#### ASSIGNMENT:
No pictures go into the output, which should consist only of the lines from the first line of the data through the line with "0) x (0, 1, 0)", copied exactly.

#### SUPPLIED INFORMATION:
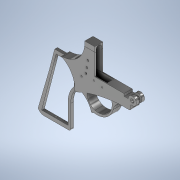
# Autodesk Inventor part: Part19
Saved by Autodesk Inventor 2021 (Build 250183000, 183)
## iProperties
Created: 2020-11-06
Part Number: Part19
Material: Nickel-Copper Alloy 400
Document SubType Name: Modeling
Designer: pedro
Density: 8.83 g/cm^3
Appearance: Chrome - Polished Black
Author: pedro
Autodesk Inventor part; units mm, degrees
ref_plane "YZ Plane" through (0, 0, 0) normal (1, 0, 0) x (0, 1, 0)
ref_plane "XZ Plane" through (0, 0, 0) normal (0, 1, 0) x (-1, 0, 0)
sketch "Sketch1" plane through (0, 0, 0) normal (0, 0, 1) x (1, 0, 0)
  line L0 (0, 0) -> (45, 0) construction
  line L1 (45, 0) -> (45, 69) construction
  line L2 (45, 69) -> (0, 69) construction
  line L3 (0, 69) -> (0, 0) construction
  line L4 (0, 44) -> (45, 44) construction
  line L5 (8.2, 0) -> (37.47, 0) construction
  line L6 (37.47, 0) -> (37.47, 26.36)
  arc A0 (45, 43.997) -> (37.47, 26.36) centre (61.89, 26.36) ccw
  arc A1 (45, 44) -> (35.1527, 65.8492) centre (19.1429, 45.49) ccw
  arc A2 (45, 43.997) -> (30.0099, 69.0002) centre (19.1429, 45.49) ccw
  line L7 (30.0099, 69.0002) -> (20.0099, 69)
  arc A3 (1.8899, 4.0939) -> (8.2, 0) centre (8.2, 6.91) ccw
  line L8 (20.0099, 69) -> (13.9517, 45.6739)
  line L9 (13.9517, 45.6739) -> (1.8899, 4.0939)
  line L10 (0, 69) -> (0, 89.9702) construction
  line L11 (0, 89.9702) -> (45, 89.9702) construction
  line L12 (45, 89.9702) -> (45, 69) construction
  line L13 (30.0099, 69.0002) -> (30.0099, 89.9702) construction
  arc A4 (30.0099, 69.0002) -> (45, 89.9666) centre (20.0214, 91.9834) ccw
  line L14 (45, 43.997) -> (45.4781, 43.6711)
  line L15 (47.7018, 43.6513) -> (48.2287, 43.997)
  arc A5 (45.4781, 43.6711) -> (47.7018, 43.6513) centre (46.6047, 45.3236) ccw
  arc A6 (96.5647, 55.2622) -> (48.2287, 43.997) centre (101.5171, -75.3185) ccw
  line L16 (96.5647, 55.2622) -> (104.4694, 55.2622)
  line L17 (106.4694, 57.2622) -> (106.4694, 61.003)
  arc A7 (104.4694, 55.2622) -> (106.4694, 57.2622) centre (104.4694, 57.2622) ccw
  circle A8 centre (107.8788, 65.2766) radius 4.5
  line L18 (99.9292, 60.7498) -> (99, 60.7498)
  line L19 (99, 60.7498) -> (99, 65.2751)
  line L20 (99, 65.2751) -> (103.3788, 65.2751)
  line L21 (99.9292, 60.7498) -> (106.4694, 60.7498)
  line L22 (99, 60.7498) -> (53, 60.7498)
  line L23 (53, 60.7498) -> (53, 89.965)
  line L24 (53, 89.965) -> (55, 89.965)
  line L25 (55, 90.965) -> (45, 90.965)
  line L26 (45, 90.965) -> (45, 89.9666)
  line L27 (45, 90.965) -> (45, 91.965)
  line L28 (45, 91.965) -> (55, 91.965)
  line L29 (8.2, 0) -> (37.47, 0)
  line L30 (55, 89.965) -> (55, 96.108)
  line L31 (45, 91.965) -> (45, 96.108)
  line L32 (45, 96.108) -> (55, 96.108)
  point P0 (48.9889, 94.5605)
  dimension "d1" = 69
  dimension "d2" = 45
  dimension "d3" = 44
  dimension "d4" = 29.27
  dimension "d5" = 8.2
  dimension "d6" = 26.36
  dimension "d7" = 24.42
  dimension "d8" = 1.49
  dimension "d9" = 25.9
  dimension "d10" = 25.9002
  dimension "d11" = 10
  dimension "d12" = 6.91
  dimension "d13" = 104.56
  dimension "d14" = 24.1
  dimension "d15" = 41.58
  dimension "d16" = 20.97
  dimension "d17" = 25.0599
  dimension "d18" = 20.9666
  dimension "d19" = 14.9901
  dimension "d20" = 2
  dimension "d21" = 130.6746
  dimension "d22" = 2
  dimension "d23" = 9
  dimension "d24" = 1
  dimension "d25" = 1
  dimension "d26" = 2
  dimension "d27" = 10
  dimension "d28" = 46
  dimension "d29" = 7.9047
  dimension "d30" = 3.7408
  dimension "d121" = 6.143
  constraints: 66 end point, 18 point on circle, 13 perpendicular, 10 point on line, 9 centre point, 5 horizontal, 5 tangent, 5 vertical, 2 coincident, 2 collinear
  measures "d1" distance of L0.end L1.end
  measures "d2" distance of L1.end L2.end
  measures "d3" distance of L0.end L4.end
  measures "d4" distance of L5.start L5.end
  measures "d5" distance of L0.start L5.start
  measures "d6" distance of L5.end L6.end
  measures "d7" radius of A0
  measures "d8" distance from line of L4 point (19.143, 45.49)
  measures "d9" radius of A1
  measures "d10" radius of A2
  measures "d11" distance of L7.start L7.end
  measures "d12" radius of A3
  measures "d13" angle of L8 L7
  measures "d14" distance of L7.end L8.end
  measures "d15" vertical distance of L9.end L8.end
  measures "d16" distance of L7.start L13.end
  measures "d17" radius of A4
  measures "d18" distance of L1.end L26.end
  measures "d19" distance of L26.end L13.end
  measures "d20" radius of A5
  measures "d21" radius of A6
  measures "d22" radius of A7
  measures "d23" diameter of A8
  measures "d24" distance of L24.end L25.start
  measures "d25" distance of L28.end L25.start
  measures "d26" distance of L23.end L24.end
  measures "d27" distance of L27.end L28.end
  measures "d28" distance of L18.end L22.end
  measures "d29" distance of L16.start L16.end
  measures "d30" distance of L17.start L17.end
  measures "d121" distance of L24.end L30.end
extrude "Extrusion1" add sketch "Sketch1" along normal mid plane 8.98 contours L29 A3 L9 L8 L7 A2 A1 A0 L6
extrude "Extrusion2" add sketch "Sketch1" along normal mid plane 8.98 contours A2 A1 A4 L26 L25 L30 L24 L23 L22 L18 L21 L17 A7 L16 A6 L15 A5 L14
extrude "Extrusion4" add sketch "Sketch1" along normal mid plane 9 contours L27 L28 L30 L25 | L31 L32 L30 L28
extrude "Extrusion6" add sketch "Sketch1" along normal mid plane 8.98 contours L21 L18 L19 L20 A8 L17
sketch "Sketch3" plane through (0, 0, 4.49) normal (0, 0, 1) x (1, 0, 0)
  line L0 (13.9517, 45.6739) -> (1.8899, 4.0939) construction
  line L1 (1.8899, 4.0939) -> (37.47, 4.0939) construction
  line L2 (37.47, 0) -> (37.47, 26.36) construction
  arc A0 (41.2682, 44.2125) -> (29.4161, 65.1273) centre (19.1429, 45.49) ccw
  arc A1 (45, 43.997) -> (37.47, 26.36) centre (61.89, 26.36) ccw construction
  arc A2 (41.2682, 44.2125) -> (34.6142, 26.36) centre (61.89, 26.36) ccw
  line L3 (34.6142, 26.36) -> (34.6142, 4.0939)
  line L4 (30.0099, 69.0002) -> (20.0099, 69) construction
  line L5 (21.596, 69) -> (21.596, 4.0939) construction
  line L6 (29.4161, 65.1273) -> (21.596, 65.1273)
  line L7 (21.596, 65.1273) -> (5.7435, 4.0939)
  line L8 (5.7435, 4.0939) -> (34.6142, 4.0939)
  point P0 (0, 0)
  dimension "d49" = 104.56
  constraints: 12 end point, 6 point on line, 4 point on circle, 3 perpendicular, 2 centre point, 2 coincident, 2 horizontal
  measures "d49" angle of L6 L7
extrude "Extrusion8" cut sketch "Sketch3" against normal through all
extrude "Extrusion9" add sketch "Sketch1" along normal mid plane 15 contours A8
extrude "Extrusion10" cut sketch "Sketch1" along normal mid plane 15 contours A8
sketch "Sketch4" plane through (53, 60.7498, 4.49) normal (1, 0, 0) x (0, 0, -1)
  point P0 (4.49, -60.7498)
extrude "Extrusion17" add sketch "Sketch1" along normal mid plane 8.98 contours A8
sketch "Sketch6" plane through (0, 0, 4.49) normal (0, 0, 1) x (1, 0, 0)
  arc A0 (106.4694, 61.003) -> (103.3788, 65.2751) centre (107.8788, 65.2766) ccw projected
  circle A1 centre (107.8788, 65.2766) radius 2
  point P0 (0, 0)
  dimension "d78" = 4
  constraints: 1 centre point, 1 coincident
  measures "d78" diameter of A1
extrude "Extrusion18" cut sketch "Sketch6" against normal through all
extrude "Extrusion19" cut sketch "Sketch1" along normal mid plane 8 contours A8
fillet "Arredondamento1" radius 2 1 edges at (37.47, 0, 0)
sketch "Esboço7" plane through (0, 0, 4) normal (0, 0, -1) x (-1, 0, 0)
  circle A0 centre (-107.8788, 65.2766) radius 2 projected
  circle A1 centre (-107.8788, 65.2766) radius 2
  circle A2 centre (-107.8788, 65.2766) radius 4.5
  point P0 (0, 0)
  constraints: 2 centre point, 2 coincident
extrude "Extrusão20" add sketch "Esboço7" along normal blind 2.49
sketch "Esboço8" plane through (0, 0, -4) normal (0, 0, 1) x (1, 0, 0)
  circle A0 centre (107.8823, 65.2751) radius 2.0038
  circle A1 centre (107.8788, 65.2766) radius 2 projected
  circle A2 centre (107.8788, 65.2766) radius 4.5
  point P0 (0, 0)
  point P1 (105.9613, 65.845)
  point P2 (106.1443, 66.2722)
  constraints: 2 centre point, 1 coincident
extrude "Extrusão21" add sketch "Esboço8" along normal blind 2.49 contours A2
sketch "Esboço9" plane through (0, 0, 4.49) normal (0, 0, 1) x (1, 0, 0)
  line L0 (20.0099, 69) -> (13.9517, 45.6739) projected
  arc A0 (35.47, 0) -> (37.47, 2) centre (35.47, 2) ccw projected
  line L1 (37.47, 2) -> (37.47, 26.36) projected
  arc A1 (45, 43.997) -> (37.47, 26.36) centre (61.89, 26.36) ccw projected
  line L2 (45, 43.997) -> (45.4781, 43.6711) projected
  arc A2 (45.4781, 43.6711) -> (47.7018, 43.6513) centre (46.6047, 45.3236) ccw projected
  line L3 (47.7018, 43.6513) -> (48.2287, 43.997) projected
  arc A3 (96.5647, 55.2622) -> (48.2287, 43.997) centre (101.5171, -75.3185) ccw projected
  line L4 (96.5647, 55.2622) -> (104.4694, 55.2622) projected
  arc A4 (104.4694, 55.2622) -> (106.4694, 57.2622) centre (104.4694, 57.2622) ccw projected
  line L5 (106.4694, 57.2622) -> (106.4694, 61.003) projected
  arc A5 (106.4694, 61.003) -> (103.3788, 65.2751) centre (107.8788, 65.2766) ccw projected
  line L6 (103.3788, 65.2751) -> (99, 65.2751) projected
  line L7 (99, 65.2751) -> (99, 60.7498) projected
  line L8 (99, 60.7498) -> (53, 60.7498) projected
  line L9 (53, 60.7498) -> (53, 89.965) projected
  line L10 (53, 89.965) -> (55, 89.965) projected
  line L11 (45, 90.965) -> (45, 89.9666) projected
  arc A6 (30.0099, 69.0002) -> (45, 89.9666) centre (20.0214, 91.9834) ccw projected
  line L12 (30.0099, 69.0002) -> (20.0099, 69) projected
  line L13 (20.0099, 69) -> (13.9517, 45.6739) projected
  line L14 (13.9517, 45.6739) -> (1.8899, 4.0939) projected
  arc A7 (1.8899, 4.0939) -> (8.2, 0) centre (8.2, 6.91) ccw projected
  line L15 (8.2, 0) -> (35.47, 0) projected
  circle A8 centre (107.8788, 65.2766) radius 2 projected
  line L16 (5.7435, 4.0939) -> (21.596, 65.1273) projected
  line L17 (21.596, 65.1273) -> (29.4161, 65.1273) projected
  arc A9 (41.2682, 44.2125) -> (29.4161, 65.1273) centre (19.1429, 45.49) ccw projected
  arc A10 (41.2682, 44.2125) -> (34.6142, 26.36) centre (61.89, 26.36) ccw projected
  line L18 (34.6142, 26.36) -> (34.6142, 4.0939) projected
  line L19 (34.6142, 4.0939) -> (5.7435, 4.0939) projected
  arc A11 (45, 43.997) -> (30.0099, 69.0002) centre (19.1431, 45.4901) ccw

#### ANSWER TO THIS EXERCISE:
# Autodesk Inventor part: Part19
Saved by Autodesk Inventor 2021 (Build 250183000, 183)
## iProperties
Created: 2020-11-06
Part Number: Part19
Material: Nickel-Copper Alloy 400
Document SubType Name: Modeling
Designer: pedro
Density: 8.83 g/cm^3
Appearance: Chrome - Polished Black
Author: pedro
Autodesk Inventor part; units mm, degrees
ref_plane "YZ Plane" through (0, 0, 0) normal (1, 0, 0) x (0, 1, 0)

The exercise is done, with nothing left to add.